In the records below, find the line with "#174=ORIENTED_EDGE('',*,*,#173,.F.);" and the line with "#187=CIRCLE('',#186,1.);". Print both exactly, along with every line between them, and no other line.

Top of MATERIAL FOR THE TASK

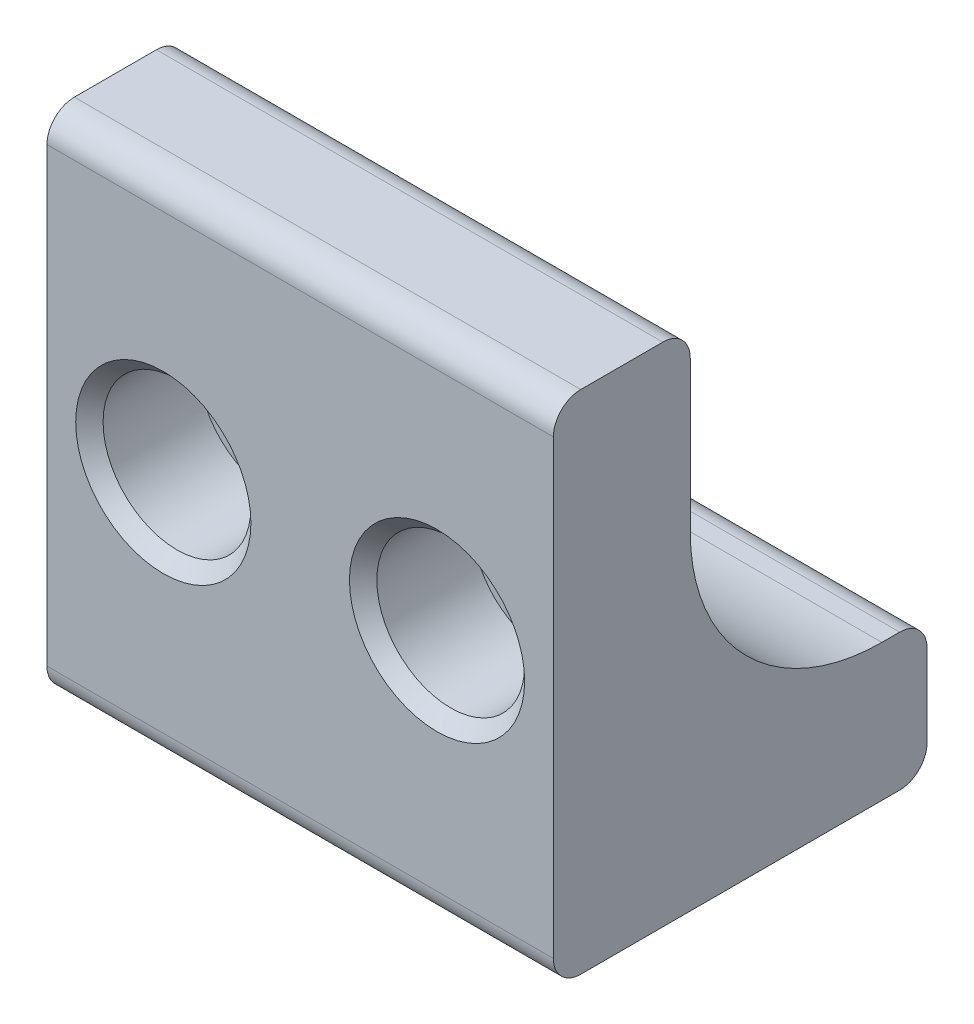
ISO-10303-21;
HEADER;
FILE_DESCRIPTION(('STEP AP214'),'2;1');
FILE_NAME('part.step','',(''),(''),'','','');
FILE_SCHEMA(('AUTOMOTIVE_DESIGN { 1 0 10303 214 1 1 1 1 }'));
ENDSEC;
DATA;
#1=APPLICATION_CONTEXT('core data for automotive mechanical design processes');
#2=APPLICATION_PROTOCOL_DEFINITION('international standard','automotive_design',2000,#1);
#3=PRODUCT_CONTEXT('',#1,'mechanical');
#4=PRODUCT('Part','Part','',(#3));
#5=PRODUCT_RELATED_PRODUCT_CATEGORY('part','',(#4));
#6=PRODUCT_DEFINITION_FORMATION('','',#4);
#7=PRODUCT_DEFINITION_CONTEXT('part definition',#1,'design');
#8=PRODUCT_DEFINITION('design','',#6,#7);
#9=PRODUCT_DEFINITION_SHAPE('','',#8);
#10=(LENGTH_UNIT() NAMED_UNIT(*) SI_UNIT(.MILLI.,.METRE.));
#11=(NAMED_UNIT(*) PLANE_ANGLE_UNIT() SI_UNIT($,.RADIAN.));
#12=(NAMED_UNIT(*) SI_UNIT($,.STERADIAN.) SOLID_ANGLE_UNIT());
#13=UNCERTAINTY_MEASURE_WITH_UNIT(LENGTH_MEASURE(1.E-05),#10,'distance_accuracy_value','');
#14=(GEOMETRIC_REPRESENTATION_CONTEXT(3) GLOBAL_UNCERTAINTY_ASSIGNED_CONTEXT((#13)) GLOBAL_UNIT_ASSIGNED_CONTEXT((#10,
#11,#12)) REPRESENTATION_CONTEXT('',''));
#15=CARTESIAN_POINT('',(0.,0.,0.));
#16=DIRECTION('',(0.,0.,1.));
#17=DIRECTION('',(1.,0.,0.));
#18=AXIS2_PLACEMENT_3D('',#15,#16,#17);
#19=CARTESIAN_POINT('',(41.,-25.49,129.225));
#20=DIRECTION('',(-1.,0.,0.));
#21=DIRECTION('',(0.,0.,1.));
#22=AXIS2_PLACEMENT_3D('',#19,#20,#21);
#23=PLANE('',#22);
#24=DIRECTION('',(0.,-1.,0.));
#25=VECTOR('',#24,1.);
#26=CARTESIAN_POINT('',(41.,-25.49,129.225));
#27=LINE('',#26,#25);
#28=CARTESIAN_POINT('',(41.,-39.99,129.225));
#29=VERTEX_POINT('',#28);
#30=CARTESIAN_POINT('',(41.,-42.99,129.225));
#31=VERTEX_POINT('',#30);
#32=EDGE_CURVE('E142',#29,#31,#27,.T.);
#33=ORIENTED_EDGE('',*,*,#32,.F.);
#34=CARTESIAN_POINT('',(41.,-39.99,130.225));
#35=DIRECTION('',(-1.,0.,0.));
#36=DIRECTION('',(0.,0.,1.));
#37=AXIS2_PLACEMENT_3D('',#34,#35,#36);
#38=CIRCLE('',#37,1.);
#39=CARTESIAN_POINT('',(41.,-38.99,130.225));
#40=VERTEX_POINT('',#39);
#41=EDGE_CURVE('E146',#29,#40,#38,.F.);
#42=ORIENTED_EDGE('',*,*,#41,.T.);
#43=DIRECTION('',(0.,0.,-1.));
#44=VECTOR('',#43,1.);
#45=CARTESIAN_POINT('',(41.,-38.99,129.225));
#46=LINE('',#45,#44);
#47=CARTESIAN_POINT('',(41.,-38.99,130.875));
#48=VERTEX_POINT('',#47);
#49=EDGE_CURVE('E137',#48,#40,#46,.T.);
#50=ORIENTED_EDGE('',*,*,#49,.F.);
#51=CARTESIAN_POINT('',(41.,-31.99,130.875));
#52=DIRECTION('',(-1.,0.,0.));
#53=DIRECTION('',(0.,0.,1.));
#54=AXIS2_PLACEMENT_3D('',#51,#52,#53);
#55=CIRCLE('',#54,7.);
#56=CARTESIAN_POINT('',(41.,-31.99,137.875));
#57=VERTEX_POINT('',#56);
#58=EDGE_CURVE('E122',#48,#57,#55,.T.);
#59=ORIENTED_EDGE('',*,*,#58,.T.);
#60=DIRECTION('',(0.,1.,0.));
#61=VECTOR('',#60,1.);
#62=CARTESIAN_POINT('',(41.,-64.4123529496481,137.875));
#63=LINE('',#62,#61);
#64=CARTESIAN_POINT('',(41.,-26.49,137.875));
#65=VERTEX_POINT('',#64);
#66=EDGE_CURVE('E148',#57,#65,#63,.T.);
#67=ORIENTED_EDGE('',*,*,#66,.T.);
#68=CARTESIAN_POINT('',(41.,-26.49,138.875));
#69=DIRECTION('',(-1.,0.,0.));
#70=DIRECTION('',(0.,0.,1.));
#71=AXIS2_PLACEMENT_3D('',#68,#69,#70);
#72=CIRCLE('',#71,1.);
#73=CARTESIAN_POINT('',(41.,-25.49,138.875));
#74=VERTEX_POINT('',#73);
#75=EDGE_CURVE('E199',#65,#74,#72,.F.);
#76=ORIENTED_EDGE('',*,*,#75,.T.);
#77=DIRECTION('',(0.,0.,-1.));
#78=VECTOR('',#77,1.);
#79=CARTESIAN_POINT('',(41.,-25.49,129.225));
#80=LINE('',#79,#78);
#81=CARTESIAN_POINT('',(41.,-25.49,141.875));
#82=VERTEX_POINT('',#81);
#83=EDGE_CURVE('E162',#82,#74,#80,.T.);
#84=ORIENTED_EDGE('',*,*,#83,.F.);
#85=CARTESIAN_POINT('',(41.,-26.49,141.875));
#86=DIRECTION('',(-1.,0.,0.));
#87=DIRECTION('',(0.,0.,1.));
#88=AXIS2_PLACEMENT_3D('',#85,#86,#87);
#89=CIRCLE('',#88,1.);
#90=CARTESIAN_POINT('',(41.,-26.49,142.875));
#91=VERTEX_POINT('',#90);
#92=EDGE_CURVE('E201',#82,#91,#89,.F.);
#93=ORIENTED_EDGE('',*,*,#92,.T.);
#94=DIRECTION('',(0.,-1.,0.));
#95=VECTOR('',#94,1.);
#96=CARTESIAN_POINT('',(41.,-25.49,142.875));
#97=LINE('',#96,#95);
#98=CARTESIAN_POINT('',(41.,-42.99,142.875));
#99=VERTEX_POINT('',#98);
#100=EDGE_CURVE('E167',#91,#99,#97,.T.);
#101=ORIENTED_EDGE('',*,*,#100,.T.);
#102=CARTESIAN_POINT('',(41.,-42.99,141.875));
#103=DIRECTION('',(-1.,0.,0.));
#104=DIRECTION('',(0.,0.,1.));
#105=AXIS2_PLACEMENT_3D('',#102,#103,#104);
#106=CIRCLE('',#105,1.);
#107=CARTESIAN_POINT('',(41.,-43.99,141.875));
#108=VERTEX_POINT('',#107);
#109=EDGE_CURVE('E54',#99,#108,#106,.F.);
#110=ORIENTED_EDGE('',*,*,#109,.T.);
#111=DIRECTION('',(0.,0.,-1.));
#112=VECTOR('',#111,1.);
#113=CARTESIAN_POINT('',(41.,-43.99,129.225));
#114=LINE('',#113,#112);
#115=CARTESIAN_POINT('',(41.,-43.99,130.225));
#116=VERTEX_POINT('',#115);
#117=EDGE_CURVE('E147',#108,#116,#114,.T.);
#118=ORIENTED_EDGE('',*,*,#117,.T.);
#119=CARTESIAN_POINT('',(41.,-42.99,130.225));
#120=DIRECTION('',(-1.,0.,0.));
#121=DIRECTION('',(0.,0.,1.));
#122=AXIS2_PLACEMENT_3D('',#119,#120,#121);
#123=CIRCLE('',#122,1.);
#124=EDGE_CURVE('E204',#116,#31,#123,.F.);
#125=ORIENTED_EDGE('',*,*,#124,.T.);
#126=EDGE_LOOP('',(#33,#42,#50,#59,#67,#76,#84,#93,#101,#110,#118,#125));
#127=FACE_BOUND('',#126,.T.);
#128=ADVANCED_FACE('F32',(#127),#23,.F.);
#129=CARTESIAN_POINT('',(22.5,-25.49,129.225));
#130=DIRECTION('',(0.,0.,1.));
#131=DIRECTION('',(1.,0.,0.));
#132=AXIS2_PLACEMENT_3D('',#129,#130,#131);
#133=PLANE('',#132);
#134=DIRECTION('',(0.,-1.,0.));
#135=VECTOR('',#134,1.);
#136=CARTESIAN_POINT('',(22.5,-25.49,129.225));
#137=LINE('',#136,#135);
#138=CARTESIAN_POINT('',(22.5,-39.99,129.225));
#139=VERTEX_POINT('',#138);
#140=CARTESIAN_POINT('',(22.5,-42.99,129.225));
#141=VERTEX_POINT('',#140);
#142=EDGE_CURVE('E175',#139,#141,#137,.T.);
#143=ORIENTED_EDGE('',*,*,#142,.F.);
#144=DIRECTION('',(-1.,0.,0.));
#145=VECTOR('',#144,1.);
#146=CARTESIAN_POINT('',(22.5,-39.99,129.225));
#147=LINE('',#146,#145);
#148=EDGE_CURVE('E197',#139,#29,#147,.F.);
#149=ORIENTED_EDGE('',*,*,#148,.T.);
#150=ORIENTED_EDGE('',*,*,#32,.T.);
#151=DIRECTION('',(-1.,0.,0.));
#152=VECTOR('',#151,1.);
#153=CARTESIAN_POINT('',(22.5,-42.99,129.225));
#154=LINE('',#153,#152);
#155=EDGE_CURVE('E194',#31,#141,#154,.T.);
#156=ORIENTED_EDGE('',*,*,#155,.T.);
#157=EDGE_LOOP('',(#143,#149,#150,#156));
#158=FACE_BOUND('',#157,.T.);
#159=ADVANCED_FACE('F260',(#158),#133,.F.);
#160=CARTESIAN_POINT('',(22.5,-25.49,129.225));
#161=DIRECTION('',(1.,0.,0.));
#162=DIRECTION('',(0.,0.,-1.));
#163=AXIS2_PLACEMENT_3D('',#160,#161,#162);
#164=PLANE('',#163);
#165=DIRECTION('',(0.,0.,1.));
#166=VECTOR('',#165,1.);
#167=CARTESIAN_POINT('',(22.5,-38.99,129.225));
#168=LINE('',#167,#166);
#169=CARTESIAN_POINT('',(22.5,-38.99,130.225));
#170=VERTEX_POINT('',#169);
#171=CARTESIAN_POINT('',(22.5,-38.99,130.875));
#172=VERTEX_POINT('',#171);
#173=EDGE_CURVE('E140',#170,#172,#168,.T.);
#174=ORIENTED_EDGE('',*,*,#173,.F.);
#175=CARTESIAN_POINT('',(22.5,-39.99,130.225));
#176=DIRECTION('',(1.,0.,0.));
#177=DIRECTION('',(0.,0.,-1.));
#178=AXIS2_PLACEMENT_3D('',#175,#176,#177);
#179=CIRCLE('',#178,1.);
#180=EDGE_CURVE('E192',#170,#139,#179,.F.);
#181=ORIENTED_EDGE('',*,*,#180,.T.);
#182=ORIENTED_EDGE('',*,*,#142,.T.);
#183=CARTESIAN_POINT('',(22.5,-42.99,130.225));
#184=DIRECTION('',(1.,0.,0.));
#185=DIRECTION('',(0.,0.,-1.));
#186=AXIS2_PLACEMENT_3D('',#183,#184,#185);
#187=CIRCLE('',#186,1.);
#188=CARTESIAN_POINT('',(22.5,-43.99,130.225));
#189=VERTEX_POINT('',#188);
#190=EDGE_CURVE('E190',#141,#189,#187,.F.);
#191=ORIENTED_EDGE('',*,*,#190,.T.);
#192=DIRECTION('',(0.,0.,1.));
#193=VECTOR('',#192,1.);
#194=CARTESIAN_POINT('',(22.5,-43.99,129.225));
#195=LINE('',#194,#193);
#196=CARTESIAN_POINT('',(22.5,-43.99,141.875));
#197=VERTEX_POINT('',#196);
#198=EDGE_CURVE('E150',#189,#197,#195,.T.);
#199=ORIENTED_EDGE('',*,*,#198,.T.);
#200=CARTESIAN_POINT('',(22.5,-42.99,141.875));
#201=DIRECTION('',(1.,0.,0.));
#202=DIRECTION('',(0.,0.,-1.));
#203=AXIS2_PLACEMENT_3D('',#200,#201,#202);
#204=CIRCLE('',#203,1.);
#205=CARTESIAN_POINT('',(22.5,-42.99,142.875));
#206=VERTEX_POINT('',#205);
#207=EDGE_CURVE('E188',#197,#206,#204,.F.);
#208=ORIENTED_EDGE('',*,*,#207,.T.);
#209=DIRECTION('',(0.,-1.,0.));
#210=VECTOR('',#209,1.);
#211=CARTESIAN_POINT('',(22.5,-25.49,142.875));
#212=LINE('',#211,#210);
#213=CARTESIAN_POINT('',(22.5,-26.49,142.875));
#214=VERTEX_POINT('',#213);
#215=EDGE_CURVE('E172',#214,#206,#212,.T.);
#216=ORIENTED_EDGE('',*,*,#215,.F.);
#217=CARTESIAN_POINT('',(22.5,-26.49,141.875));
#218=DIRECTION('',(1.,0.,0.));
#219=DIRECTION('',(0.,0.,-1.));
#220=AXIS2_PLACEMENT_3D('',#217,#218,#219);
#221=CIRCLE('',#220,1.);
#222=CARTESIAN_POINT('',(22.5,-25.49,141.875));
#223=VERTEX_POINT('',#222);
#224=EDGE_CURVE('E186',#214,#223,#221,.F.);
#225=ORIENTED_EDGE('',*,*,#224,.T.);
#226=DIRECTION('',(0.,0.,1.));
#227=VECTOR('',#226,1.);
#228=CARTESIAN_POINT('',(22.5,-25.49,129.225));
#229=LINE('',#228,#227);
#230=CARTESIAN_POINT('',(22.5,-25.49,138.875));
#231=VERTEX_POINT('',#230);
#232=EDGE_CURVE('E165',#231,#223,#229,.T.);
#233=ORIENTED_EDGE('',*,*,#232,.F.);
#234=CARTESIAN_POINT('',(22.5,-26.49,138.875));
#235=DIRECTION('',(1.,0.,0.));
#236=DIRECTION('',(0.,0.,-1.));
#237=AXIS2_PLACEMENT_3D('',#234,#235,#236);
#238=CIRCLE('',#237,1.);
#239=CARTESIAN_POINT('',(22.5,-26.49,137.875));
#240=VERTEX_POINT('',#239);
#241=EDGE_CURVE('E184',#231,#240,#238,.F.);
#242=ORIENTED_EDGE('',*,*,#241,.T.);
#243=DIRECTION('',(0.,1.,0.));
#244=VECTOR('',#243,1.);
#245=CARTESIAN_POINT('',(22.5,-64.4123529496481,137.875));
#246=LINE('',#245,#244);
#247=CARTESIAN_POINT('',(22.5,-31.99,137.875));
#248=VERTEX_POINT('',#247);
#249=EDGE_CURVE('E152',#248,#240,#246,.T.);
#250=ORIENTED_EDGE('',*,*,#249,.F.);
#251=CARTESIAN_POINT('',(22.5,-31.99,130.875));
#252=DIRECTION('',(1.,0.,0.));
#253=DIRECTION('',(0.,0.,-1.));
#254=AXIS2_PLACEMENT_3D('',#251,#252,#253);
#255=CIRCLE('',#254,7.);
#256=EDGE_CURVE('E131',#248,#172,#255,.T.);
#257=ORIENTED_EDGE('',*,*,#256,.T.);
#258=EDGE_LOOP('',(#174,#181,#182,#191,#199,#208,#216,#225,#233,#242,#250,#257));
#259=FACE_BOUND('',#258,.T.);
#260=ADVANCED_FACE('F265',(#259),#164,.F.);
#261=CARTESIAN_POINT('',(22.5,-25.49,142.875));
#262=DIRECTION('',(0.,0.,-1.));
#263=DIRECTION('',(-1.,0.,0.));
#264=AXIS2_PLACEMENT_3D('',#261,#262,#263);
#265=PLANE('',#264);
#266=CARTESIAN_POINT('',(26.75,-34.74,142.875));
#267=DIRECTION('',(0.,0.,-1.));
#268=DIRECTION('',(-1.,0.,0.));
#269=AXIS2_PLACEMENT_3D('',#266,#267,#268);
#270=CIRCLE('',#269,3.20000000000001);
#271=CARTESIAN_POINT('',(23.55,-34.74,142.875));
#272=VERTEX_POINT('',#271);
#273=EDGE_CURVE('E229',#272,#272,#270,.T.);
#274=ORIENTED_EDGE('',*,*,#273,.T.);
#275=EDGE_LOOP('',(#274));
#276=FACE_BOUND('',#275,.T.);
#277=CARTESIAN_POINT('',(36.75,-34.74,142.875));
#278=DIRECTION('',(0.,0.,-1.));
#279=DIRECTION('',(-1.,0.,0.));
#280=AXIS2_PLACEMENT_3D('',#277,#278,#279);
#281=CIRCLE('',#280,3.20000000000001);
#282=CARTESIAN_POINT('',(33.55,-34.74,142.875));
#283=VERTEX_POINT('',#282);
#284=EDGE_CURVE('E226',#283,#283,#281,.T.);
#285=ORIENTED_EDGE('',*,*,#284,.T.);
#286=EDGE_LOOP('',(#285));
#287=FACE_BOUND('',#286,.T.);
#288=ORIENTED_EDGE('',*,*,#215,.T.);
#289=DIRECTION('',(1.,0.,0.));
#290=VECTOR('',#289,1.);
#291=CARTESIAN_POINT('',(22.5,-42.99,142.875));
#292=LINE('',#291,#290);
#293=EDGE_CURVE('E212',#206,#99,#292,.T.);
#294=ORIENTED_EDGE('',*,*,#293,.T.);
#295=ORIENTED_EDGE('',*,*,#100,.F.);
#296=DIRECTION('',(1.,0.,0.));
#297=VECTOR('',#296,1.);
#298=CARTESIAN_POINT('',(22.5,-26.49,142.875));
#299=LINE('',#298,#297);
#300=EDGE_CURVE('E210',#91,#214,#299,.F.);
#301=ORIENTED_EDGE('',*,*,#300,.T.);
#302=EDGE_LOOP('',(#288,#294,#295,#301));
#303=FACE_BOUND('',#302,.T.);
#304=ADVANCED_FACE('F354',(#276,#287,#303),#265,.F.);
#305=CARTESIAN_POINT('',(0.,-25.49,0.));
#306=DIRECTION('',(0.,1.,0.));
#307=DIRECTION('',(0.,0.,1.));
#308=AXIS2_PLACEMENT_3D('',#305,#306,#307);
#309=PLANE('',#308);
#310=ORIENTED_EDGE('',*,*,#232,.T.);
#311=DIRECTION('',(1.,0.,0.));
#312=VECTOR('',#311,1.);
#313=CARTESIAN_POINT('',(41.,-25.49,141.875));
#314=LINE('',#313,#312);
#315=EDGE_CURVE('E217',#223,#82,#314,.T.);
#316=ORIENTED_EDGE('',*,*,#315,.T.);
#317=ORIENTED_EDGE('',*,*,#83,.T.);
#318=DIRECTION('',(1.,0.,0.));
#319=VECTOR('',#318,1.);
#320=CARTESIAN_POINT('',(22.5,-25.49,138.875));
#321=LINE('',#320,#319);
#322=EDGE_CURVE('E215',#74,#231,#321,.F.);
#323=ORIENTED_EDGE('',*,*,#322,.T.);
#324=EDGE_LOOP('',(#310,#316,#317,#323));
#325=FACE_BOUND('',#324,.T.);
#326=ADVANCED_FACE('F351',(#325),#309,.T.);
#327=CARTESIAN_POINT('',(0.,-43.99,0.));
#328=DIRECTION('',(0.,1.,0.));
#329=DIRECTION('',(0.,0.,1.));
#330=AXIS2_PLACEMENT_3D('',#327,#328,#329);
#331=PLANE('',#330);
#332=CARTESIAN_POINT('',(26.75,-43.99,136.05));
#333=DIRECTION('',(0.,1.,0.));
#334=DIRECTION('',(0.,0.,1.));
#335=AXIS2_PLACEMENT_3D('',#332,#333,#334);
#336=CIRCLE('',#335,3.20000000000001);
#337=CARTESIAN_POINT('',(26.75,-43.99,139.25));
#338=VERTEX_POINT('',#337);
#339=EDGE_CURVE('E238',#338,#338,#336,.T.);
#340=ORIENTED_EDGE('',*,*,#339,.T.);
#341=EDGE_LOOP('',(#340));
#342=FACE_BOUND('',#341,.T.);
#343=CARTESIAN_POINT('',(36.75,-43.99,136.05));
#344=DIRECTION('',(0.,1.,0.));
#345=DIRECTION('',(0.,0.,1.));
#346=AXIS2_PLACEMENT_3D('',#343,#344,#345);
#347=CIRCLE('',#346,3.20000000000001);
#348=CARTESIAN_POINT('',(36.75,-43.99,139.25));
#349=VERTEX_POINT('',#348);
#350=EDGE_CURVE('E235',#349,#349,#347,.T.);
#351=ORIENTED_EDGE('',*,*,#350,.T.);
#352=EDGE_LOOP('',(#351));
#353=FACE_BOUND('',#352,.T.);
#354=ORIENTED_EDGE('',*,*,#198,.F.);
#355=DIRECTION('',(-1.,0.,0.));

Bottom of MATERIAL FOR THE TASK

» RESPONSE TO THIS TASK:
#174=ORIENTED_EDGE('',*,*,#173,.F.);
#175=CARTESIAN_POINT('',(22.5,-39.99,130.225));
#176=DIRECTION('',(1.,0.,0.));
#177=DIRECTION('',(0.,0.,-1.));
#178=AXIS2_PLACEMENT_3D('',#175,#176,#177);
#179=CIRCLE('',#178,1.);
#180=EDGE_CURVE('E192',#170,#139,#179,.F.);
#181=ORIENTED_EDGE('',*,*,#180,.T.);
#182=ORIENTED_EDGE('',*,*,#142,.T.);
#183=CARTESIAN_POINT('',(22.5,-42.99,130.225));
#184=DIRECTION('',(1.,0.,0.));
#185=DIRECTION('',(0.,0.,-1.));
#186=AXIS2_PLACEMENT_3D('',#183,#184,#185);
#187=CIRCLE('',#186,1.);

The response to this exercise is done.